1. Field of the Invention
The present invention relates to a data transmission system and more particularly, a system and method of correcting an error in parallel data paths of a data transmission system.
2. Description of the Related Art
The simplest error correction codes protect against random errors that are introduced into the data stream. The errors are modeled as random events with no statistical correlation to each other or any part of the overall system. Additional bits are added to the data to protect against errors. The effect of the additional error correction bits, is to map the uncoded data into a coded domain.
In the coded domain, valid codewords are selected to represent the uncoded data, and all other invalid codewords are assumed to result from transmission errors. The most common error correcting codes can only correct one error contained within a set block of data. If more that one error occurs within the covered data, it cannot be corrected. If there are enough errors within the correction domain, the codes will breakdown completely, and may actually cause more errors in correct data.
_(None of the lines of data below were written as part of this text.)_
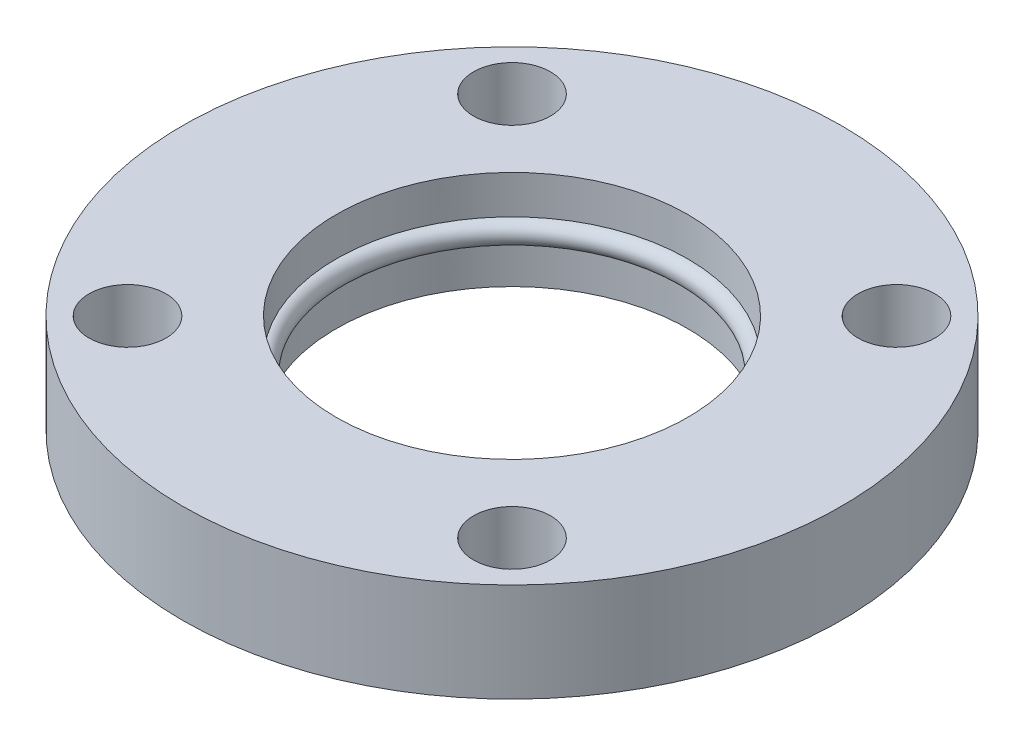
ISO-10303-21;
HEADER;
FILE_DESCRIPTION(('STEP AP214'),'2;1');
FILE_NAME('part.step','',(''),(''),'','','');
FILE_SCHEMA(('AUTOMOTIVE_DESIGN { 1 0 10303 214 1 1 1 1 }'));
ENDSEC;
DATA;
#1=APPLICATION_CONTEXT('core data for automotive mechanical design processes');
#2=APPLICATION_PROTOCOL_DEFINITION('international standard','automotive_design',2000,#1);
#3=PRODUCT_CONTEXT('',#1,'mechanical');
#4=PRODUCT('Part','Part','',(#3));
#5=PRODUCT_RELATED_PRODUCT_CATEGORY('part','',(#4));
#6=PRODUCT_DEFINITION_FORMATION('','',#4);
#7=PRODUCT_DEFINITION_CONTEXT('part definition',#1,'design');
#8=PRODUCT_DEFINITION('design','',#6,#7);
#9=PRODUCT_DEFINITION_SHAPE('','',#8);
#10=(LENGTH_UNIT() NAMED_UNIT(*) SI_UNIT(.MILLI.,.METRE.));
#11=(NAMED_UNIT(*) PLANE_ANGLE_UNIT() SI_UNIT($,.RADIAN.));
#12=(NAMED_UNIT(*) SI_UNIT($,.STERADIAN.) SOLID_ANGLE_UNIT());
#13=UNCERTAINTY_MEASURE_WITH_UNIT(LENGTH_MEASURE(1.E-05),#10,'distance_accuracy_value','');
#14=(GEOMETRIC_REPRESENTATION_CONTEXT(3) GLOBAL_UNCERTAINTY_ASSIGNED_CONTEXT((#13)) GLOBAL_UNIT_ASSIGNED_CONTEXT((#10,
#11,#12)) REPRESENTATION_CONTEXT('',''));
#15=CARTESIAN_POINT('',(0.,0.,0.));
#16=DIRECTION('',(0.,0.,1.));
#17=DIRECTION('',(1.,0.,0.));
#18=AXIS2_PLACEMENT_3D('',#15,#16,#17);
#19=CARTESIAN_POINT('',(0.,4.5,0.));
#20=DIRECTION('',(0.,-1.,0.));
#21=DIRECTION('',(0.,0.,-1.));
#22=AXIS2_PLACEMENT_3D('',#19,#20,#21);
#23=CYLINDRICAL_SURFACE('',#22,16.);
#24=CARTESIAN_POINT('',(0.,-4.5,0.));
#25=DIRECTION('',(0.,1.,0.));
#26=DIRECTION('',(0.,0.,1.));
#27=AXIS2_PLACEMENT_3D('',#24,#25,#26);
#28=CIRCLE('',#27,16.);
#29=CARTESIAN_POINT('',(0.,-4.5,16.));
#30=VERTEX_POINT('',#29);
#31=EDGE_CURVE('E49',#30,#30,#28,.T.);
#32=ORIENTED_EDGE('',*,*,#31,.F.);
#33=EDGE_LOOP('',(#32));
#34=FACE_BOUND('',#33,.T.);
#35=CARTESIAN_POINT('',(0.,-1.,0.));
#36=DIRECTION('',(0.,1.,0.));
#37=DIRECTION('',(0.,0.,1.));
#38=AXIS2_PLACEMENT_3D('',#35,#36,#37);
#39=CIRCLE('',#38,16.);
#40=CARTESIAN_POINT('',(0.,-1.,16.));
#41=VERTEX_POINT('',#40);
#42=EDGE_CURVE('E37',#41,#41,#39,.T.);
#43=ORIENTED_EDGE('',*,*,#42,.T.);
#44=EDGE_LOOP('',(#43));
#45=FACE_BOUND('',#44,.T.);
#46=ADVANCED_FACE('F33',(#34,#45),#23,.F.);
#47=CARTESIAN_POINT('',(0.,4.5,0.));
#48=DIRECTION('',(0.,1.,0.));
#49=DIRECTION('',(0.,0.,1.));
#50=AXIS2_PLACEMENT_3D('',#47,#48,#49);
#51=CIRCLE('',#50,16.);
#52=CARTESIAN_POINT('',(0.,4.5,16.));
#53=VERTEX_POINT('',#52);
#54=EDGE_CURVE('E46',#53,#53,#51,.T.);
#55=ORIENTED_EDGE('',*,*,#54,.T.);
#56=EDGE_LOOP('',(#55));
#57=FACE_BOUND('',#56,.T.);
#58=CARTESIAN_POINT('',(0.,1.,0.));
#59=DIRECTION('',(0.,-1.,0.));
#60=DIRECTION('',(0.,0.,-1.));
#61=AXIS2_PLACEMENT_3D('',#58,#59,#60);
#62=CIRCLE('',#61,16.);
#63=CARTESIAN_POINT('',(0.,1.,-16.));
#64=VERTEX_POINT('',#63);
#65=EDGE_CURVE('E51',#64,#64,#62,.T.);
#66=ORIENTED_EDGE('',*,*,#65,.T.);
#67=EDGE_LOOP('',(#66));
#68=FACE_BOUND('',#67,.T.);
#69=ADVANCED_FACE('F94',(#57,#68),#23,.F.);
#70=CARTESIAN_POINT('',(0.,4.5,0.));
#71=DIRECTION('',(0.,1.,0.));
#72=DIRECTION('',(0.,0.,1.));
#73=AXIS2_PLACEMENT_3D('',#70,#71,#72);
#74=PLANE('',#73);
#75=CARTESIAN_POINT('',(17.5,4.5,17.5));
#76=DIRECTION('',(0.,1.,0.));
#77=DIRECTION('',(0.,0.,1.));
#78=AXIS2_PLACEMENT_3D('',#75,#76,#77);
#79=CIRCLE('',#78,3.5);
#80=CARTESIAN_POINT('',(17.5,4.5,21.));
#81=VERTEX_POINT('',#80);
#82=EDGE_CURVE('E68',#81,#81,#79,.T.);
#83=ORIENTED_EDGE('',*,*,#82,.F.);
#84=EDGE_LOOP('',(#83));
#85=FACE_BOUND('',#84,.T.);
#86=CARTESIAN_POINT('',(-17.5,4.5,-17.5));
#87=DIRECTION('',(0.,1.,0.));
#88=DIRECTION('',(0.,0.,1.));
#89=AXIS2_PLACEMENT_3D('',#86,#87,#88);
#90=CIRCLE('',#89,3.5);
#91=CARTESIAN_POINT('',(-17.5,4.5,-14.));
#92=VERTEX_POINT('',#91);
#93=EDGE_CURVE('E80',#92,#92,#90,.T.);
#94=ORIENTED_EDGE('',*,*,#93,.F.);
#95=EDGE_LOOP('',(#94));
#96=FACE_BOUND('',#95,.T.);
#97=CARTESIAN_POINT('',(0.,4.5,0.));
#98=DIRECTION('',(0.,1.,0.));
#99=DIRECTION('',(0.,0.,1.));
#100=AXIS2_PLACEMENT_3D('',#97,#98,#99);
#101=CIRCLE('',#100,30.);
#102=CARTESIAN_POINT('',(0.,4.5,30.));
#103=VERTEX_POINT('',#102);
#104=EDGE_CURVE('E10',#103,#103,#101,.T.);
#105=ORIENTED_EDGE('',*,*,#104,.T.);
#106=EDGE_LOOP('',(#105));
#107=FACE_BOUND('',#106,.T.);
#108=ORIENTED_EDGE('',*,*,#54,.F.);
#109=EDGE_LOOP('',(#108));
#110=FACE_BOUND('',#109,.T.);
#111=CARTESIAN_POINT('',(17.5,4.5,-17.5));
#112=DIRECTION('',(0.,1.,0.));
#113=DIRECTION('',(0.,0.,1.));
#114=AXIS2_PLACEMENT_3D('',#111,#112,#113);
#115=CIRCLE('',#114,3.5);
#116=CARTESIAN_POINT('',(17.5,4.5,-14.));
#117=VERTEX_POINT('',#116);
#118=EDGE_CURVE('E74',#117,#117,#115,.T.);
#119=ORIENTED_EDGE('',*,*,#118,.F.);
#120=EDGE_LOOP('',(#119));
#121=FACE_BOUND('',#120,.T.);
#122=CARTESIAN_POINT('',(-17.5,4.5,17.5));
#123=DIRECTION('',(0.,1.,0.));
#124=DIRECTION('',(0.,0.,1.));
#125=AXIS2_PLACEMENT_3D('',#122,#123,#124);
#126=CIRCLE('',#125,3.5);
#127=CARTESIAN_POINT('',(-17.5,4.5,21.));
#128=VERTEX_POINT('',#127);
#129=EDGE_CURVE('E60',#128,#128,#126,.T.);
#130=ORIENTED_EDGE('',*,*,#129,.F.);
#131=EDGE_LOOP('',(#130));
#132=FACE_BOUND('',#131,.T.);
#133=ADVANCED_FACE('F99',(#85,#96,#107,#110,#121,#132),#74,.T.);
#134=CARTESIAN_POINT('',(0.,-4.5,0.));
#135=DIRECTION('',(0.,1.,0.));
#136=DIRECTION('',(0.,0.,1.));
#137=AXIS2_PLACEMENT_3D('',#134,#135,#136);
#138=PLANE('',#137);
#139=CARTESIAN_POINT('',(0.,-4.5,0.));
#140=DIRECTION('',(0.,1.,0.));
#141=DIRECTION('',(0.,0.,1.));
#142=AXIS2_PLACEMENT_3D('',#139,#140,#141);
#143=CIRCLE('',#142,30.);
#144=CARTESIAN_POINT('',(0.,-4.5,30.));
#145=VERTEX_POINT('',#144);
#146=EDGE_CURVE('E41',#145,#145,#143,.T.);
#147=ORIENTED_EDGE('',*,*,#146,.F.);
#148=EDGE_LOOP('',(#147));
#149=FACE_BOUND('',#148,.T.);
#150=ORIENTED_EDGE('',*,*,#31,.T.);
#151=EDGE_LOOP('',(#150));
#152=FACE_BOUND('',#151,.T.);
#153=CARTESIAN_POINT('',(-17.5,-4.5,-17.5));
#154=DIRECTION('',(0.,1.,0.));
#155=DIRECTION('',(0.,0.,1.));
#156=AXIS2_PLACEMENT_3D('',#153,#154,#155);
#157=CIRCLE('',#156,3.5);
#158=CARTESIAN_POINT('',(-17.5,-4.5,-14.));
#159=VERTEX_POINT('',#158);
#160=EDGE_CURVE('E77',#159,#159,#157,.T.);
#161=ORIENTED_EDGE('',*,*,#160,.T.);
#162=EDGE_LOOP('',(#161));
#163=FACE_BOUND('',#162,.T.);
#164=CARTESIAN_POINT('',(17.5,-4.5,-17.5));
#165=DIRECTION('',(0.,1.,0.));
#166=DIRECTION('',(0.,0.,1.));
#167=AXIS2_PLACEMENT_3D('',#164,#165,#166);
#168=CIRCLE('',#167,3.5);
#169=CARTESIAN_POINT('',(17.5,-4.5,-14.));
#170=VERTEX_POINT('',#169);
#171=EDGE_CURVE('E71',#170,#170,#168,.T.);
#172=ORIENTED_EDGE('',*,*,#171,.T.);
#173=EDGE_LOOP('',(#172));
#174=FACE_BOUND('',#173,.T.);
#175=CARTESIAN_POINT('',(17.5,-4.5,17.5));
#176=DIRECTION('',(0.,1.,0.));
#177=DIRECTION('',(0.,0.,1.));
#178=AXIS2_PLACEMENT_3D('',#175,#176,#177);
#179=CIRCLE('',#178,3.5);
#180=CARTESIAN_POINT('',(17.5,-4.5,21.));
#181=VERTEX_POINT('',#180);
#182=EDGE_CURVE('E65',#181,#181,#179,.T.);
#183=ORIENTED_EDGE('',*,*,#182,.T.);
#184=EDGE_LOOP('',(#183));
#185=FACE_BOUND('',#184,.T.);
#186=CARTESIAN_POINT('',(-17.5,-4.5,17.5));
#187=DIRECTION('',(0.,1.,0.));
#188=DIRECTION('',(0.,0.,1.));
#189=AXIS2_PLACEMENT_3D('',#186,#187,#188);
#190=CIRCLE('',#189,3.5);
#191=CARTESIAN_POINT('',(-17.5,-4.5,21.));
#192=VERTEX_POINT('',#191);
#193=EDGE_CURVE('E56',#192,#192,#190,.T.);
#194=ORIENTED_EDGE('',*,*,#193,.T.);
#195=EDGE_LOOP('',(#194));
#196=FACE_BOUND('',#195,.T.);
#197=ADVANCED_FACE('F90',(#149,#152,#163,#174,#185,#196),#138,.F.);
#198=CARTESIAN_POINT('',(0.,4.5,0.));
#199=DIRECTION('',(0.,-1.,0.));
#200=DIRECTION('',(0.,0.,-1.));
#201=AXIS2_PLACEMENT_3D('',#198,#199,#200);
#202=CYLINDRICAL_SURFACE('',#201,30.);
#203=ORIENTED_EDGE('',*,*,#104,.F.);
#204=EDGE_LOOP('',(#203));
#205=FACE_BOUND('',#204,.T.);
#206=ORIENTED_EDGE('',*,*,#146,.T.);
#207=EDGE_LOOP('',(#206));
#208=FACE_BOUND('',#207,.T.);
#209=ADVANCED_FACE('F35',(#205,#208),#202,.T.);
#210=CARTESIAN_POINT('',(-17.5,4.5,-17.5));
#211=DIRECTION('',(0.,-1.,0.));
#212=DIRECTION('',(0.,0.,-1.));
#213=AXIS2_PLACEMENT_3D('',#210,#211,#212);
#214=CYLINDRICAL_SURFACE('',#213,3.5);
#215=ORIENTED_EDGE('',*,*,#93,.T.);
#216=EDGE_LOOP('',(#215));
#217=FACE_BOUND('',#216,.T.);
#218=ORIENTED_EDGE('',*,*,#160,.F.);
#219=EDGE_LOOP('',(#218));
#220=FACE_BOUND('',#219,.T.);
#221=ADVANCED_FACE('F102',(#217,#220),#214,.F.);
#222=CARTESIAN_POINT('',(17.5,4.5,-17.5));
#223=DIRECTION('',(0.,-1.,0.));
#224=DIRECTION('',(0.,0.,-1.));
#225=AXIS2_PLACEMENT_3D('',#222,#223,#224);
#226=CYLINDRICAL_SURFACE('',#225,3.5);
#227=ORIENTED_EDGE('',*,*,#118,.T.);
#228=EDGE_LOOP('',(#227));
#229=FACE_BOUND('',#228,.T.);
#230=ORIENTED_EDGE('',*,*,#171,.F.);
#231=EDGE_LOOP('',(#230));
#232=FACE_BOUND('',#231,.T.);
#233=ADVANCED_FACE('F117',(#229,#232),#226,.F.);
#234=CARTESIAN_POINT('',(17.5,4.5,17.5));
#235=DIRECTION('',(0.,-1.,0.));
#236=DIRECTION('',(0.,0.,-1.));
#237=AXIS2_PLACEMENT_3D('',#234,#235,#236);
#238=CYLINDRICAL_SURFACE('',#237,3.5);
#239=ORIENTED_EDGE('',*,*,#82,.T.);
#240=EDGE_LOOP('',(#239));
#241=FACE_BOUND('',#240,.T.);
#242=ORIENTED_EDGE('',*,*,#182,.F.);
#243=EDGE_LOOP('',(#242));
#244=FACE_BOUND('',#243,.T.);
#245=ADVANCED_FACE('F122',(#241,#244),#238,.F.);
#246=CARTESIAN_POINT('',(-17.5,4.5,17.5));
#247=DIRECTION('',(0.,-1.,0.));
#248=DIRECTION('',(0.,0.,-1.));
#249=AXIS2_PLACEMENT_3D('',#246,#247,#248);
#250=CYLINDRICAL_SURFACE('',#249,3.5);
#251=ORIENTED_EDGE('',*,*,#129,.T.);
#252=EDGE_LOOP('',(#251));
#253=FACE_BOUND('',#252,.T.);
#254=ORIENTED_EDGE('',*,*,#193,.F.);
#255=EDGE_LOOP('',(#254));
#256=FACE_BOUND('',#255,.T.);
#257=ADVANCED_FACE('F133',(#253,#256),#250,.F.);
#258=CARTESIAN_POINT('',(0.,0.,0.));
#259=DIRECTION('',(0.,-1.,0.));
#260=DIRECTION('',(0.,0.,-1.));
#261=AXIS2_PLACEMENT_3D('',#258,#259,#260);
#262=TOROIDAL_SURFACE('',#261,16.,1.);
#263=ORIENTED_EDGE('',*,*,#65,.F.);
#264=EDGE_LOOP('',(#263));
#265=FACE_BOUND('',#264,.T.);
#266=ORIENTED_EDGE('',*,*,#42,.F.);
#267=EDGE_LOOP('',(#266));
#268=FACE_BOUND('',#267,.T.);
#269=ADVANCED_FACE('F139',(#265,#268),#262,.T.);
#270=CLOSED_SHELL('',(#46,#69,#133,#197,#209,#221,#233,#245,#257,#269));
#271=MANIFOLD_SOLID_BREP('B2',#270);
#272=ADVANCED_BREP_SHAPE_REPRESENTATION('',(#18,#271),#14);
#273=SHAPE_DEFINITION_REPRESENTATION(#9,#272);
ENDSEC;
END-ISO-10303-21;

There is a growing trend in system interconnection toward very high speed serial interfaces. There are several industry initiatives to specify these connections. Some of the most notable include Infiniband (e.g., a switched fabric communications link) and the XAUI interface (e.g., an attachment unit interface) in the IEEE 802.3ae specification. IBM offers a family of custom application specific integrated circuit (ASIC) macros known as high speed serial (HSS) to support these interfaces. In these applications, a data bus is transmitted serially at higher speed down fewer lanes.
Reformatting the data for transmission may negate error correction that was originally on the data bus. For example, in the XAUI interface, a 32-bit bus is segmented into four bytewide sections. Each byte is 8b/10b coded for transmission down four 3.125 Gbps transmission lanes. At the receiving side of the interface, the four transmitted data streams are decoded and reassembled into the original 32-bit bus. If the original data bus was coded with a single error correcting hamming code, it would perform very poorly in this architecture.
FIG. 1 illustrates a conventional error correction method (e.g., in a single channel or 8b/10b encoded data). As illustrated in FIG. 1, data transmission may begin with first data 101a which is uncoded and includes 12 bits, then error correction may be added to provide second data 102a which is uncoded and includes 16 bits. The second data 102a may be 8b/10b encoded to provide a third data 103a which includes error correction and includes 20 bits.
Assuming that an error is introduced into the “7” bit in the third data 103a during transmission as depicted in third data 103b, this error may be increased to multiple errors in the “6”, “4” and “2” bits after 8b/10b decoding as depicted in second data 102b, resulting in first data 101b which includes the multiple errors caused by the failed error correction.
That is, as illustrated in FIG. 1, a single error in an 8b/10b code word may generate multiple bit errors when the code word is decoded. These multiple bit errors are beyond the ability of the single error correcting code to handle.
In cases where 8b/10b coding is not used, burst errors on any single lane of the four lane set will negate the error correction on the whole interface.
To make the problem worse, decision feedback equalization (DFE), is being used in new serial interfaces. The IBM high speed serial-deserializer (HSS) macros offer DFE modes. Decision feedback equalization uses the history of what was transmitted before to help in determining the value of the current bit. This powerful equalization works well to remove intersymbol interference.
However, DFE tends to transform single hit errors into multi-bit burst errors. If noise causes a single bit to switch polarity, the feedback nature of DFE will recirculate the error and use the wrong information in the future decisions. The error may be propagated forward for an unbounded number of bits.
Applying simple burst error protection on every lane will help, but cannot correct every case. Likewise, interleaving may help, but there will be cases where the burst length is too long for traditional methods to correct.
There are several known methods which have attempted to this problem in conventional error correction methods. For example, the error correction coding can be made strong enough to handle multiple bit errors. However, this method is a poor solution because the data link is really only generating single bit errors, and the error multiplication is an artifact of the decoder (e.g., either 8b/10b or DFE). Single bit correcting error correction codes are relatively simple and easy to implement, but multiple bit correcting codes require considerable overhead and also use much more power. In the 8b/10b case, the code can be strengthened to cover the 10-bit code word, but due to the unbounded nature of the DFE case, there is no way to make the code strong enough to cover any-length errors.
Another conventional method is to interleave the data prior to coding and transmitting the data. This process collects a large block of data and combines bits from different regions of the data and groups them before encoding and transmission. After transmission, the bits are redistributed back into their original positions before error correction is applied.
The goal of interleaving is to spread grouped transmission errors apart before errors are corrected so each error falls into a different error correction domain. This process is widely used, but adds significant latency to the system and is not useful in high speed systems where latency must be reduced. Also, in the DFE system, it is not possible to design an interleaving system that will always work because the length of the error burst in unbounded.